** Opening EXERCISE INPUTS block **

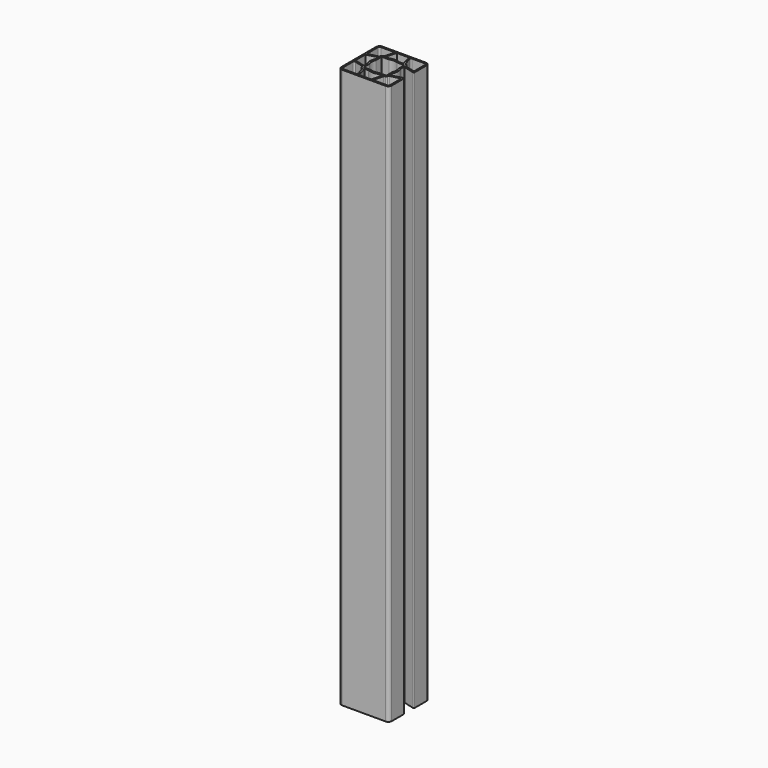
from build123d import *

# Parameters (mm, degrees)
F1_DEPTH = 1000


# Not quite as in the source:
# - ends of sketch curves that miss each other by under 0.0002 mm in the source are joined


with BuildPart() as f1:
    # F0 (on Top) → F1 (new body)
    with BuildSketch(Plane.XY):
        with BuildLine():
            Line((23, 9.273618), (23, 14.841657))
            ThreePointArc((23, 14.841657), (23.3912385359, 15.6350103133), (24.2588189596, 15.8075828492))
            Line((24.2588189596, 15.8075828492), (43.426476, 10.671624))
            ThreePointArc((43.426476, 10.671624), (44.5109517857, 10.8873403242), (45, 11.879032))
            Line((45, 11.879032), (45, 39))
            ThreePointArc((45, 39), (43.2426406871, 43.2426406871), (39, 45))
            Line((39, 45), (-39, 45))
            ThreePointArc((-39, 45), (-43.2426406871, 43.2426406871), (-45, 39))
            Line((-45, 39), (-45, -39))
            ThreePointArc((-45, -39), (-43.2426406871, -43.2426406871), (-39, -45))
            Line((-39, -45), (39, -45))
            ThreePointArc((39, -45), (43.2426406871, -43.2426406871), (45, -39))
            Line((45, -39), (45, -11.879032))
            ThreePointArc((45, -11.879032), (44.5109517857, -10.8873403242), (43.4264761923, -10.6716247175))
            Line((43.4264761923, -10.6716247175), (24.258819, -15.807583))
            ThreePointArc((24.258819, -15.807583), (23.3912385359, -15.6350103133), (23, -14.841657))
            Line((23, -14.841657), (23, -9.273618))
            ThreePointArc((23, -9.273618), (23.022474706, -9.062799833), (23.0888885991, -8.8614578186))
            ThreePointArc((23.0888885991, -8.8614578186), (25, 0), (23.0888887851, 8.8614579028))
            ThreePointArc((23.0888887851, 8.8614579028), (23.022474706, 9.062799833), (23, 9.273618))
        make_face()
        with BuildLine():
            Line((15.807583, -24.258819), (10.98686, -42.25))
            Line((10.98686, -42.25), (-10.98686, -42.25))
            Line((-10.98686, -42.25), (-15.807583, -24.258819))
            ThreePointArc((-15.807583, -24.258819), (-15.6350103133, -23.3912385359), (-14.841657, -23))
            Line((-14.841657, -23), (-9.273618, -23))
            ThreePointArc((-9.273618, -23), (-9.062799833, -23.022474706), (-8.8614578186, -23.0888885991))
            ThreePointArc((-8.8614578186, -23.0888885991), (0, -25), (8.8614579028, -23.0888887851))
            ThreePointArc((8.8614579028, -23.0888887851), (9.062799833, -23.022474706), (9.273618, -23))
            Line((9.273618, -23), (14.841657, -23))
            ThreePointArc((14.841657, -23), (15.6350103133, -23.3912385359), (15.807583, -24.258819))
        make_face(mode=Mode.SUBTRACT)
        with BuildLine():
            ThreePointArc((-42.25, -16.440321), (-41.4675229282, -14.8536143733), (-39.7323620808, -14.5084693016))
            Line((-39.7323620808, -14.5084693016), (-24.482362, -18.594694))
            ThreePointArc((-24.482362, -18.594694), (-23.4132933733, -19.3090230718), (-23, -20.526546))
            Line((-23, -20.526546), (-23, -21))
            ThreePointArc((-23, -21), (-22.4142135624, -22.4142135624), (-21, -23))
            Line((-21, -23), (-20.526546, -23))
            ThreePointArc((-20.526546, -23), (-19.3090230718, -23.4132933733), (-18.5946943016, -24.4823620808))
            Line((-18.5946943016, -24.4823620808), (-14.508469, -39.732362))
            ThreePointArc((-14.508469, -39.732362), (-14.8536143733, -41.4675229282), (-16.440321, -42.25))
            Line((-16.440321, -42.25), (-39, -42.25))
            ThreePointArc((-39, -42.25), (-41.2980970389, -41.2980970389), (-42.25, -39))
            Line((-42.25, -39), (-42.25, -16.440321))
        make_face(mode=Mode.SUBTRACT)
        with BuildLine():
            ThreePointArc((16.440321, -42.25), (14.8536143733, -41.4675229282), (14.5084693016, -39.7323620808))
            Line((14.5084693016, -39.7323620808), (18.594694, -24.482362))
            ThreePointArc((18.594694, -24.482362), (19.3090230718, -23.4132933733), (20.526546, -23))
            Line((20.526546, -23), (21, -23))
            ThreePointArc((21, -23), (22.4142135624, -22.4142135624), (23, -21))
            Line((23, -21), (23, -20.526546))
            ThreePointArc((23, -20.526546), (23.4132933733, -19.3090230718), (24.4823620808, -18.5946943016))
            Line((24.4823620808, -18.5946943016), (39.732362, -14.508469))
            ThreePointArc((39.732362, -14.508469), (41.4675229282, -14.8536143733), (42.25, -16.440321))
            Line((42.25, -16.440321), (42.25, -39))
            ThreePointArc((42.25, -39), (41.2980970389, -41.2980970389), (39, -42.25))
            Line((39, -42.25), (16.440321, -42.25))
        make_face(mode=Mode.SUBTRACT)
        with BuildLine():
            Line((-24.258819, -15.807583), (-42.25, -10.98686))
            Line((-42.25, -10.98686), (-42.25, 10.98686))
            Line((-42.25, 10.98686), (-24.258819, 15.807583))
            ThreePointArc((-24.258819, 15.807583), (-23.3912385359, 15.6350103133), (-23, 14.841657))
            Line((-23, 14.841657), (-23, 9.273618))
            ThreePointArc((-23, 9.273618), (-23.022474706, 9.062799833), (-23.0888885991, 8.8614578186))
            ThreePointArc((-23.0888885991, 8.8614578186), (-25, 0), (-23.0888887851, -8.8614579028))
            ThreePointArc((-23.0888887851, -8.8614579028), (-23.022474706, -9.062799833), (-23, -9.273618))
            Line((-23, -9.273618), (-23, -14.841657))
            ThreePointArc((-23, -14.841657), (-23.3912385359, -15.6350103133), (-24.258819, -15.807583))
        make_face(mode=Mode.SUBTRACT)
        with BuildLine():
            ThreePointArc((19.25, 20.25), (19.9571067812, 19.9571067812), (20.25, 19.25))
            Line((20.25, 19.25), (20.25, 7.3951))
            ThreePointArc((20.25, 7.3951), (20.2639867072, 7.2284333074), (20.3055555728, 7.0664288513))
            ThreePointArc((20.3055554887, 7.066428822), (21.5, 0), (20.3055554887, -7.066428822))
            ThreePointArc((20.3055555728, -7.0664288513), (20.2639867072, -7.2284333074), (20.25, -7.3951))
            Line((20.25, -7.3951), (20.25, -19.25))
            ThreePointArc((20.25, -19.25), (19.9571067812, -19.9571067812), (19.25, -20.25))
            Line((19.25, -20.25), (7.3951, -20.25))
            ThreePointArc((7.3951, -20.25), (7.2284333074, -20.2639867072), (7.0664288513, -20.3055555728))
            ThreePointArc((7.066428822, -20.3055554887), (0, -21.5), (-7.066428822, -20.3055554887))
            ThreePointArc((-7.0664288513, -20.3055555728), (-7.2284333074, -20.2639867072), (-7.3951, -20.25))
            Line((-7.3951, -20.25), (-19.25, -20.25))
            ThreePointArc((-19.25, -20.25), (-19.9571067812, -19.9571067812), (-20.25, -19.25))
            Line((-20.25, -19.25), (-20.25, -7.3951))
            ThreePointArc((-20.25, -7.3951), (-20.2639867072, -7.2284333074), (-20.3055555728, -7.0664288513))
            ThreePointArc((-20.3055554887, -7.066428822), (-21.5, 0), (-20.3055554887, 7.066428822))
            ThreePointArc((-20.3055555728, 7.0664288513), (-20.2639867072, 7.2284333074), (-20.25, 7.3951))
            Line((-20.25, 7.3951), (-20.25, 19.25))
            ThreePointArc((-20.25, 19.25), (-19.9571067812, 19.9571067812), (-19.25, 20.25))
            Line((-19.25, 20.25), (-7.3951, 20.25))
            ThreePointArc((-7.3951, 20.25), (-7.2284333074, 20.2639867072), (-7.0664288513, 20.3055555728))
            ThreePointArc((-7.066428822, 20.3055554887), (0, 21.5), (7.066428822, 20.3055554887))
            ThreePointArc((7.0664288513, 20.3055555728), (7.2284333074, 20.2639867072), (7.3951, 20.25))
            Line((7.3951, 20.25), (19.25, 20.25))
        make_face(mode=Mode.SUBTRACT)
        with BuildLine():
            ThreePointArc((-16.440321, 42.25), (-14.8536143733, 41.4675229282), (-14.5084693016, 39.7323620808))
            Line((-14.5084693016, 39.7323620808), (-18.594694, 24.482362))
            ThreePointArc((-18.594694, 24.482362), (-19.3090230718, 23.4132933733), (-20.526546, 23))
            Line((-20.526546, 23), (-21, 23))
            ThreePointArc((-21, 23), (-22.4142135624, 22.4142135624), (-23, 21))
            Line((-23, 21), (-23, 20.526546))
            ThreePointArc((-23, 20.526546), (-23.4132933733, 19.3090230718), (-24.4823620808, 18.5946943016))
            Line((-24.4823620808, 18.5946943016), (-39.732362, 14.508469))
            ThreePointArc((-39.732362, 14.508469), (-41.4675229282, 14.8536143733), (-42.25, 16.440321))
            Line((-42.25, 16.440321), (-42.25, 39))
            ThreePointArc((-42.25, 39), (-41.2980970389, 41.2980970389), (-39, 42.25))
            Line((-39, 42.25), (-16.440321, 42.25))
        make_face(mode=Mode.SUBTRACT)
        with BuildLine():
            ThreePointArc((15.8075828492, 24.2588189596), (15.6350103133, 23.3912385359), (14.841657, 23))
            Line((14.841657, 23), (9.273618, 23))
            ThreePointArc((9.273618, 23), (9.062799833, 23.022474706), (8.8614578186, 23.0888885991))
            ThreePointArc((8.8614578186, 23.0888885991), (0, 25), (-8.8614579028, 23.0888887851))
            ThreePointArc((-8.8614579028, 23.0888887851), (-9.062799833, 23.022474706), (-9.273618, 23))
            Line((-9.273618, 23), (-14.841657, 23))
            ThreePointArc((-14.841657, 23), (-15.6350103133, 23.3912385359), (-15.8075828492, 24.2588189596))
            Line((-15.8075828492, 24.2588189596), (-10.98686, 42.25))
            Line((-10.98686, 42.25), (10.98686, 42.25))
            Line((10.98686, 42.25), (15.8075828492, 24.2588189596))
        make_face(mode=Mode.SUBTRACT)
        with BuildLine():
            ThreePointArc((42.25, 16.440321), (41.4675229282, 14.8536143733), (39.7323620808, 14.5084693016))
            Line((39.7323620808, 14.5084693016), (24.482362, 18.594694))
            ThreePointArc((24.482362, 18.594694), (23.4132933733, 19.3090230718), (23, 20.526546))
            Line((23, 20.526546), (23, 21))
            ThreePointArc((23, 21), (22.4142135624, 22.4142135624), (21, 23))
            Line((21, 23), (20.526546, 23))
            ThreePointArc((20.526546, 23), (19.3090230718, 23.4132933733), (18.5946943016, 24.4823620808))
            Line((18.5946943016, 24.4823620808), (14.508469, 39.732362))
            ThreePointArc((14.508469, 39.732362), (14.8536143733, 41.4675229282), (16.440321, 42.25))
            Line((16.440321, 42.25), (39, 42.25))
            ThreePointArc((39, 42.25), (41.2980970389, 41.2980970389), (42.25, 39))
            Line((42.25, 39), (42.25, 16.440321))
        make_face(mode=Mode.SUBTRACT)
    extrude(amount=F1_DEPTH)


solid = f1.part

** Closing EXERCISE INPUTS block **

- TASK BRIEF: Only the lines from the start of the material through the line containing "Line((15.807583, -24.258819), (10.98686, -42.25))" should be transcribed. Pictures stay out.

- RESPONSE TO THE TASK:
from build123d import *

# Parameters (mm, degrees)
F1_DEPTH = 1000


# Not quite as in the source:
# - ends of sketch curves that miss each other by under 0.0002 mm in the source are joined


with BuildPart() as f1:
    # F0 (on Top) → F1 (new body)
    with BuildSketch(Plane.XY):
        with BuildLine():
            Line((23, 9.273618), (23, 14.841657))
            ThreePointArc((23, 14.841657), (23.3912385359, 15.6350103133), (24.2588189596, 15.8075828492))
            Line((24.2588189596, 15.8075828492), (43.426476, 10.671624))
            ThreePointArc((43.426476, 10.671624), (44.5109517857, 10.8873403242), (45, 11.879032))
            Line((45, 11.879032), (45, 39))
            ThreePointArc((45, 39), (43.2426406871, 43.2426406871), (39, 45))
            Line((39, 45), (-39, 45))
            ThreePointArc((-39, 45), (-43.2426406871, 43.2426406871), (-45, 39))
            Line((-45, 39), (-45, -39))
            ThreePointArc((-45, -39), (-43.2426406871, -43.2426406871), (-39, -45))
            Line((-39, -45), (39, -45))
            ThreePointArc((39, -45), (43.2426406871, -43.2426406871), (45, -39))
            Line((45, -39), (45, -11.879032))
            ThreePointArc((45, -11.879032), (44.5109517857, -10.8873403242), (43.4264761923, -10.6716247175))
            Line((43.4264761923, -10.6716247175), (24.258819, -15.807583))
            ThreePointArc((24.258819, -15.807583), (23.3912385359, -15.6350103133), (23, -14.841657))
            Line((23, -14.841657), (23, -9.273618))
            ThreePointArc((23, -9.273618), (23.022474706, -9.062799833), (23.0888885991, -8.8614578186))
            ThreePointArc((23.0888885991, -8.8614578186), (25, 0), (23.0888887851, 8.8614579028))
            ThreePointArc((23.0888887851, 8.8614579028), (23.022474706, 9.062799833), (23, 9.273618))
        make_face()
        with BuildLine():
            Line((15.807583, -24.258819), (10.98686, -42.25))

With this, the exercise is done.